What the task requires =
Take the line with "6.8747716144), (31.6087844074, 6.8747716144))" and the rest of the lines after it, to the end of the entries, and restate them exactly.

Entries supplied =
Start of Block

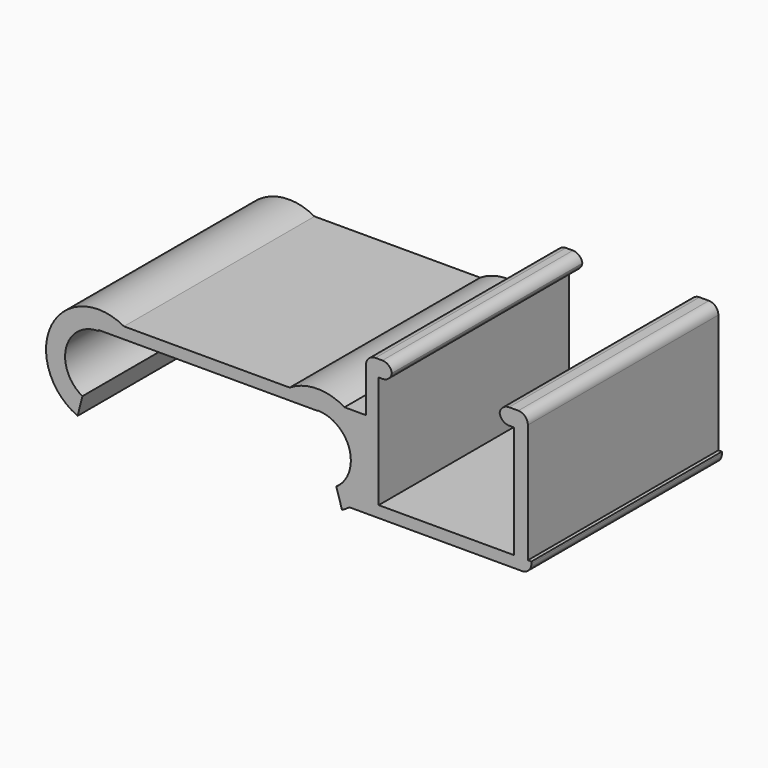
from build123d import *

# Parameters (mm, degrees)
F0_W        = 23
F0_H        = 25
F1_DEPTH    = 1.2
F3_DEPTH    = 25
F5_W        = 1.3906080276
F5_H        = 1.7
F5_W_2      = 1.5159434646
F6_DEPTH    = 25
F7_T1_DEPTH = 30


# Not quite as in the source:
# - a fillet or chamfer that OpenCascade refuses, or shapes differently, is made with other operations: its cross-section is extruded or revolved along the edge and cut away or added


with BuildPart() as f1:
    # F0 (on Top) → F1 (new body)
    with BuildSketch(Plane.XY):
        Rectangle(F0_W, F0_H)
    extrude(amount=F1_DEPTH)

    # F2 (on face) → F3 (join)
    with BuildSketch(Plane.XZ.offset(12.5)):
        with BuildLine():
            ThreePointArc((-8.8198933508, 1.2), (-16.4322899898, -1.1691927474), (-13.6809007153, -8.6519404997))
            Line((-13.6809007153, -8.6519404997), (-13.1818733439, -6.6722285874))
            ThreePointArc((-13.1818733439, -6.6722285874), (-14.8938387487, -2.747327312), (-11.5259407878, -0.1029107612))
            Line((-11.5259407878, -0.1029107612), (-11.5, 0))
            Line((-11.5, 0), (-11.5, 1.2))
            Line((-11.5, 1.2), (-8.8198933508, 1.2))
        make_face()
        with BuildLine():
            ThreePointArc((17, -3.4602172673), (14.1631160155, 1.3520392811), (8.578977059, 1.2))
            Line((8.578977059, 1.2), (11.5, 1.2))
            Line((11.5, 1.2), (11.5, 0.0397827327))
            ThreePointArc((11.5, 0.0397827327), (13.9748737342, -0.9853435331), (15, -3.4602172673))
            ThreePointArc((15, -3.4602172673), (14.5929628971, -5.0983810311), (13.4665254188, -6.3555199764))
            Line((13.4665254188, -6.3555199764), (14.0745145934, -8.3204512748))
            ThreePointArc((14.0745145934, -8.3204512748), (16.2122091562, -6.2966031487), (17, -3.4602172673))
        make_face()
    extrude(amount=-F3_DEPTH)

    # F5 (on face) → F6 (join)
    with BuildSketch(Plane.XZ.offset(12.5)):
        with Locations((18.6200318858, 6.0247716144)):
            Rectangle(F5_W, F5_H)
        with BuildLine():
            ThreePointArc((16.5864266455, -1.367787106), (17, -3.4602172673), (16.5864266455, -5.5526474285))
            Line((16.5864266455, -5.5526474285), (16.5864266455, -6.6252283856))
            Line((16.5864266455, -6.6252283856), (17.924727872, -6.6252283856))
            Line((17.924727872, -6.6252283856), (17.924727872, 5.1747716144))
            Line((17.924727872, 5.1747716144), (17.924727872, 6.8747716144))
            Line((17.924727872, 6.8747716144), (16.5864266455, 6.8747716144))
            Line((16.5864266455, 6.8747716144), (16.5864266455, 1.253477479))
            Line((16.5864266455, 1.253477479), (16.5864266455, -1.367787106))
        make_face()
        Polygon((32.124727872, -6.6252283856), (33.5864266455, -6.6252283856), (33.5864266455, 6.8747716144), (32.124727872, 6.8747716144), (32.124727872, 5.1747716144), align=None)
        with Locations((31.3667561397, 6.0247716144)):
            Rectangle(F5_W_2, F5_H)
        with BuildLine():
            Line((14.8461437412, -7.8252283856), (16.5864266455, -7.8252283856))
            Line((16.5864266455, -7.8252283856), (33.9574068785, -7.8252283856))
            Line((33.9574068785, -7.8252283856), (33.9574068785, -6.6252283856))
            Line((33.9574068785, -6.6252283856), (33.5864266455, -6.6252283856))
            Line((33.5864266455, -6.6252283856), (32.124727872, -6.6252283856))
            Line((32.124727872, -6.6252283856), (17.924727872, -6.6252283856))
            Line((17.924727872, -6.6252283856), (16.5864266455, -6.6252283856))
            Line((16.5864266455, -6.6252283856), (16.5864266455, -5.5526474285))
            ThreePointArc((16.5864266455, -5.5526474285), (15.8667169456, -6.8041345983), (14.8461437412, -7.8252283856))
        make_face()
        with BuildLine():
            ThreePointArc((14.333916343, 1.253477479), (15.6714164585, 0.1243726298), (16.5864266455, -1.367787106))
            Line((16.5864266455, -1.367787106), (16.5864266455, 1.253477479))
            Line((16.5864266455, 1.253477479), (14.333916343, 1.253477479))
        make_face()
    extrude(amount=-F6_DEPTH)

    # F7: fillet of radius 1 on 7 edges, made by hand

    # F7_s2 → F7_t1 (cut)
    with BuildSketch(Plane.XZ.offset(-15)):
        with BuildLine():
            ThreePointArc((33.5864266455, 5.8747716144), (33.2935334267, 6.5818783956), (32.5864266455, 6.8747716144))
            Line((32.5864266455, 6.8747716144), (33.5864266455, 6.8747716144))
            Line((33.5864266455, 6.8747716144), (33.5864266455, 5.8747716144))
        make_face()
        with BuildLine():
            ThreePointArc((17.5864266455, 6.8747716144), (16.8793198643, 6.5818783956), (16.5864266455, 5.8747716144))
            Line((16.5864266455, 5.8747716144), (16.5864266455, 6.8747716144))
            Line((16.5864266455, 6.8747716144), (17.5864266455, 6.8747716144))
        make_face()
        with BuildLine():
            ThreePointArc((18.3153358996, 5.1747716144), (19.0224426808, 5.4676648332), (19.3153358996, 6.1747716144))
            Line((19.3153358996, 6.1747716144), (19.3153358996, 5.1747716144))
            Line((19.3153358996, 5.1747716144), (18.3153358996, 5.1747716144))
        make_face()
        with BuildLine():
            ThreePointArc((30.6087844074, 6.1747716144), (30.9016776262, 5.4676648332), (31.6087844074, 5.1747716144))
            Line((31.6087844074, 5.1747716144), (30.6087844074, 5.1747716144))
            Line((30.6087844074, 5.1747716144), (30.6087844074, 6.1747716144))
        make_face()
        with BuildLine():
            ThreePointArc((31.6087844074, 6.8747716144), (30.9016776262, 6.5818783956), (30.6087844074, 5.8747716144))
            Line((30.6087844074, 5.8747716144), (30.6087844074, 6.8747716144))
            Line((30.6087844074, 6.8747716144), (31.6087844074, 6.8747716144))
        make_face()
        with BuildLine():
            ThreePointArc((18.3153358996, 6.8747716144), (19.0224426808, 6.5818783956), (19.3153358996, 5.8747716144))
            Line((19.3153358996, 5.8747716144), (19.3153358996, 6.8747716144))
            Line((19.3153358996, 6.8747716144), (18.3153358996, 6.8747716144))
        make_face()
        with BuildLine():
            ThreePointArc((32.9574068785, -7.8252283856), (33.6645136597, -7.5323351668), (33.9574068785, -6.8252283856))
            Line((33.9574068785, -6.8252283856), (33.9574068785, -7.8252283856))
            Line((33.9574068785, -7.8252283856), (32.9574068785, -7.8252283856))
        make_face()
    extrude(amount=F7_T1_DEPTH, mode=Mode.SUBTRACT)


solid = f1.part

End of Block

Written solution =
            Line((30.6087844074, 6.8747716144), (31.6087844074, 6.8747716144))
        make_face()
        with BuildLine():
            ThreePointArc((18.3153358996, 6.8747716144), (19.0224426808, 6.5818783956), (19.3153358996, 5.8747716144))
            Line((19.3153358996, 5.8747716144), (19.3153358996, 6.8747716144))
            Line((19.3153358996, 6.8747716144), (18.3153358996, 6.8747716144))
        make_face()
        with BuildLine():
            ThreePointArc((32.9574068785, -7.8252283856), (33.6645136597, -7.5323351668), (33.9574068785, -6.8252283856))
            Line((33.9574068785, -6.8252283856), (33.9574068785, -7.8252283856))
            Line((33.9574068785, -7.8252283856), (32.9574068785, -7.8252283856))
        make_face()
    extrude(amount=F7_T1_DEPTH, mode=Mode.SUBTRACT)


solid = f1.part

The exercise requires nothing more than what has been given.